Three-dimensional printing technology brings scientific advancement into clinical practice in the field of urology recent years, providing several advantages in surgical planning, resident training, patient education and facilitates the creation of on-demand patient-specific medical devices, implants, or prostheses. Among them, the most common application of 3D printing in the urology field is the creation of patient-specific 3D-printed anatomical and pathological models, as they allow for optimal pre-operative surgical planning, better surgeon understanding of the lesion and ultimately improved patient prognosis [77]. A doctor–patient communication pattern with a 3D-printed organ model helps urologists to obtain patient consent. A survey conducted by Wake et al. concluded that preoperative 3D-printed models help patients to understand their condition and the purpose of the procedure [7]. Three-dimensional-printed models also compensate some of the gaps in traditional cadaver and animal training in urology simulation, providing a low-risk, low-cost opportunity to refine the resident′s professional skills [78].

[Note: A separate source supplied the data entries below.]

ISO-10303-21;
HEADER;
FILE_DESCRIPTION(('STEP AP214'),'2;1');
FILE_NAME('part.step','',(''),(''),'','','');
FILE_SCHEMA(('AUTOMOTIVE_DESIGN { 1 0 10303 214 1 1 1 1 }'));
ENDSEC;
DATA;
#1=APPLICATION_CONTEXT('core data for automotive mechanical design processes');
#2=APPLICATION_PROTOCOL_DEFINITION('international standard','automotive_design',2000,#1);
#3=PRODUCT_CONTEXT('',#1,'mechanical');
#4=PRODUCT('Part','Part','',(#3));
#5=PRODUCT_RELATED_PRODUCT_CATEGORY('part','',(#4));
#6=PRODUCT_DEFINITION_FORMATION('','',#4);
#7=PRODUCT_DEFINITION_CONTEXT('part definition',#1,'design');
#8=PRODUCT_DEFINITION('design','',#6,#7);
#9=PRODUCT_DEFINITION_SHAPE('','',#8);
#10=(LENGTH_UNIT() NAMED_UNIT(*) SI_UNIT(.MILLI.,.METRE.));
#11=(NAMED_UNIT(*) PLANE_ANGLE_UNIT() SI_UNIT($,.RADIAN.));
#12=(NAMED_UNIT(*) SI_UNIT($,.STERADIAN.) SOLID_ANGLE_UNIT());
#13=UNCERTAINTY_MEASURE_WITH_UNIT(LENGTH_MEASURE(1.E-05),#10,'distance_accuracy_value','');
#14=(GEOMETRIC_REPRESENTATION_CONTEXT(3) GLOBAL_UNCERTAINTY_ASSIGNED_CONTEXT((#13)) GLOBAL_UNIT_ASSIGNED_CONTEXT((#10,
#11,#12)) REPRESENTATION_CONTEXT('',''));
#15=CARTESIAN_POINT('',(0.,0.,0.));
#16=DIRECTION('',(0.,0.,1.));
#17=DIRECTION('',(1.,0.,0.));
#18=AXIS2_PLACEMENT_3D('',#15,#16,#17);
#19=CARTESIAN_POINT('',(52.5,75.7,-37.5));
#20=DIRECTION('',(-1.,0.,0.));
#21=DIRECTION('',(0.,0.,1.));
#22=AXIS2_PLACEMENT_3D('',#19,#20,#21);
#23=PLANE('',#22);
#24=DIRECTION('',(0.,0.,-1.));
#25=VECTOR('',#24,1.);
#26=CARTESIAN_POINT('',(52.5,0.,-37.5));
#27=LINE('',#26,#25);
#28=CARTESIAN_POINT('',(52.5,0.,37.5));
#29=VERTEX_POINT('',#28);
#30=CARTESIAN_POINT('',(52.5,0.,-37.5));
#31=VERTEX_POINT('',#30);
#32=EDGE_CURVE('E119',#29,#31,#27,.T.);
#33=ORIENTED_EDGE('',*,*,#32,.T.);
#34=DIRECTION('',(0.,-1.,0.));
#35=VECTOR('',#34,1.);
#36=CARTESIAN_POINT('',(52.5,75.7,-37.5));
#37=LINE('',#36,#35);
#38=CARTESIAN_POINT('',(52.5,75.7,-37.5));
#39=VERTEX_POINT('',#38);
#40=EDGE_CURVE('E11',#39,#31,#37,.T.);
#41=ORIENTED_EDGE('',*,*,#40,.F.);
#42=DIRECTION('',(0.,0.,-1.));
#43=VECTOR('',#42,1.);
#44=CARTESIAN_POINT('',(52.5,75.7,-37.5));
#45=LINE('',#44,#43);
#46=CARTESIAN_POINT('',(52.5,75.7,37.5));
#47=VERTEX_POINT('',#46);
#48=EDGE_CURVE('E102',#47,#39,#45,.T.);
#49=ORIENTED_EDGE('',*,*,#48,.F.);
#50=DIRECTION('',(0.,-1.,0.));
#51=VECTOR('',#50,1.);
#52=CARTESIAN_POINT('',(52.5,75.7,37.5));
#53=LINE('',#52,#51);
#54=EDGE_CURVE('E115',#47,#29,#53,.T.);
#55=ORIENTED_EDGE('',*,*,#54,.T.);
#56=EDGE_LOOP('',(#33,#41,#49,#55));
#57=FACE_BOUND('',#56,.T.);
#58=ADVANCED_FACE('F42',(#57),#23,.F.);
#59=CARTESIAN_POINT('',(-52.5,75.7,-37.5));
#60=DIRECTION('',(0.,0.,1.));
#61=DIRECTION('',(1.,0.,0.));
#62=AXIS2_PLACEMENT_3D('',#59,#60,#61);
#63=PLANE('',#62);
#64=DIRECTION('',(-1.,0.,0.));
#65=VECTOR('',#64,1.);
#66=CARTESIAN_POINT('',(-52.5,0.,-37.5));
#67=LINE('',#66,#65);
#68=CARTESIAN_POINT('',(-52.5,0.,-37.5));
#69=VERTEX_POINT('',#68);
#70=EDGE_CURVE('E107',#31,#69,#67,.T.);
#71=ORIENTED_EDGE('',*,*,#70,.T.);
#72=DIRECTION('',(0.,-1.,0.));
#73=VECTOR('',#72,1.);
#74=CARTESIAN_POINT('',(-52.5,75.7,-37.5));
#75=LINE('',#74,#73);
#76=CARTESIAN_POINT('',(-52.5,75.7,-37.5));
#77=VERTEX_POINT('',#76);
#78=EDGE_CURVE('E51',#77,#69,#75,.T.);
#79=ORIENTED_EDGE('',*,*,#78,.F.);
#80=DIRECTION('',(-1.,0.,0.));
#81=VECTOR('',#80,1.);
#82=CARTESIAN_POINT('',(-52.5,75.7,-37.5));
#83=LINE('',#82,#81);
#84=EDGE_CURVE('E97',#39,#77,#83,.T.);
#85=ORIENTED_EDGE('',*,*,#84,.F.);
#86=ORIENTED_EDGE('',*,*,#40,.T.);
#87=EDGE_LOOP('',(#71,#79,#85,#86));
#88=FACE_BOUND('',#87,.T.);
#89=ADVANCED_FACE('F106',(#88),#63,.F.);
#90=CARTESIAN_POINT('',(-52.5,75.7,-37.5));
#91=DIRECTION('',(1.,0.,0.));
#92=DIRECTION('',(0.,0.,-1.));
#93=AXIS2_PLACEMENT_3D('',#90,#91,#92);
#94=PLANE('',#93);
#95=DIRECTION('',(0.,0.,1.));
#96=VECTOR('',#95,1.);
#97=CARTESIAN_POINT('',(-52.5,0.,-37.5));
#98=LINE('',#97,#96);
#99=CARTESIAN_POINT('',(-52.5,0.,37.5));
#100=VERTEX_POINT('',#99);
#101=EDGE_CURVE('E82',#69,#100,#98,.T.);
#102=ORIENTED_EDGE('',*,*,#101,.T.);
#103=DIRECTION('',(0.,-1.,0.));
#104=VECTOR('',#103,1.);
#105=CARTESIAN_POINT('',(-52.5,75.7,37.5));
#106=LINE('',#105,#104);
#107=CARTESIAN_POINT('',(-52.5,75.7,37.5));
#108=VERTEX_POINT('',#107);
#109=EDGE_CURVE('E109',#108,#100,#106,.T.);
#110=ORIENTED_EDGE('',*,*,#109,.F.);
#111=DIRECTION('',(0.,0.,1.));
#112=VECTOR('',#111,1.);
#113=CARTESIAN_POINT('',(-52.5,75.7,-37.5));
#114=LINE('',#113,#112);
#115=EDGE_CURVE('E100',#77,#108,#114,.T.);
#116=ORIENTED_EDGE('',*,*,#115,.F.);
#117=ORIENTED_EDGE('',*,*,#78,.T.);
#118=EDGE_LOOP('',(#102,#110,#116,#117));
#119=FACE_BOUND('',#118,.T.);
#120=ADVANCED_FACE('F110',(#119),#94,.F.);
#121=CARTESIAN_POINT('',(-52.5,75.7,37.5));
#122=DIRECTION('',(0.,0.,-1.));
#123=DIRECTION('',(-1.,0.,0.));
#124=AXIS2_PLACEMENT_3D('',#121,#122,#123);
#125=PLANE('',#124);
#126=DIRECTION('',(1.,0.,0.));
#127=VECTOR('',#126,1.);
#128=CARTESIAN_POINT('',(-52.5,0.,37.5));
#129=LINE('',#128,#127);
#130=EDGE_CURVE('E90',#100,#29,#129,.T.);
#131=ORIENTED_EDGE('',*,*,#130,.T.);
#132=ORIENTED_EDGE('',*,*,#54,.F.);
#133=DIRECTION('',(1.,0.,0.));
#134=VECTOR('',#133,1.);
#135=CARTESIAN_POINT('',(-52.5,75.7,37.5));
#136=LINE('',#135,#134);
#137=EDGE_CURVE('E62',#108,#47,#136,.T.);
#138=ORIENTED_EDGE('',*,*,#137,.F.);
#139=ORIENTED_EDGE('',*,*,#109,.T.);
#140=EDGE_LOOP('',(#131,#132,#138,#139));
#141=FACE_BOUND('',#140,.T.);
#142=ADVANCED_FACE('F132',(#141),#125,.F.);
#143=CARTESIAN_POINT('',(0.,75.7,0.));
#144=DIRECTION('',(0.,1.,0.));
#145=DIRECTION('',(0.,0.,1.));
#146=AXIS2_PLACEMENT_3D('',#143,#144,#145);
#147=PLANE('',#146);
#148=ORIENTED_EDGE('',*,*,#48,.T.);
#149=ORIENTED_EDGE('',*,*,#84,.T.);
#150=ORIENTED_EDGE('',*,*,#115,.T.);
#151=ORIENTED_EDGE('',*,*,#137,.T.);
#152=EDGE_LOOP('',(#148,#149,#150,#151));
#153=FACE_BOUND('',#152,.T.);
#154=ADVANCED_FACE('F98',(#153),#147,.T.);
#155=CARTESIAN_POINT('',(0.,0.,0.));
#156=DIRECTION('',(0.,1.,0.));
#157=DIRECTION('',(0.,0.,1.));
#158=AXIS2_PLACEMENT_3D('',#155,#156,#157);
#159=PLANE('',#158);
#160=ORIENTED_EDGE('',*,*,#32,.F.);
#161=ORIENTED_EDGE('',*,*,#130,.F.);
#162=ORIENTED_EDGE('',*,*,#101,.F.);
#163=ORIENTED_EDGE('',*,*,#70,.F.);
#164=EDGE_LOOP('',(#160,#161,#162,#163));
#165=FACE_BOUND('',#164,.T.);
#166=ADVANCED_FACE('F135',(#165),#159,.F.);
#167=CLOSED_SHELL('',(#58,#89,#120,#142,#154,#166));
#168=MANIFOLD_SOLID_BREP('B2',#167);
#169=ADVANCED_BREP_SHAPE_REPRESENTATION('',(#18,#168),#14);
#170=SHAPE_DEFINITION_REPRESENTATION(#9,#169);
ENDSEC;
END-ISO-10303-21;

Several studies have also demonstrated the usefulness of 3D-printed models for robotic surgical training [5,79]. Bendre et al. used the Global Assessment of Robotic Skills (GEARS) criteria for assessing resident performance before and after training using a 3D silicone-based kidney model in a robotic pyeloplasty simulation [80]. Additionally, the results found significant improvements in depth perception, surgical speed and confidence after training. In addition, most medical devices are manufactured in standardized combinations of shapes and sizes, which often do not provide the most appropriate product for each patient. Three-dimensional printing allows the creation of medical devices, instruments and tools used in surgery for different patients [81].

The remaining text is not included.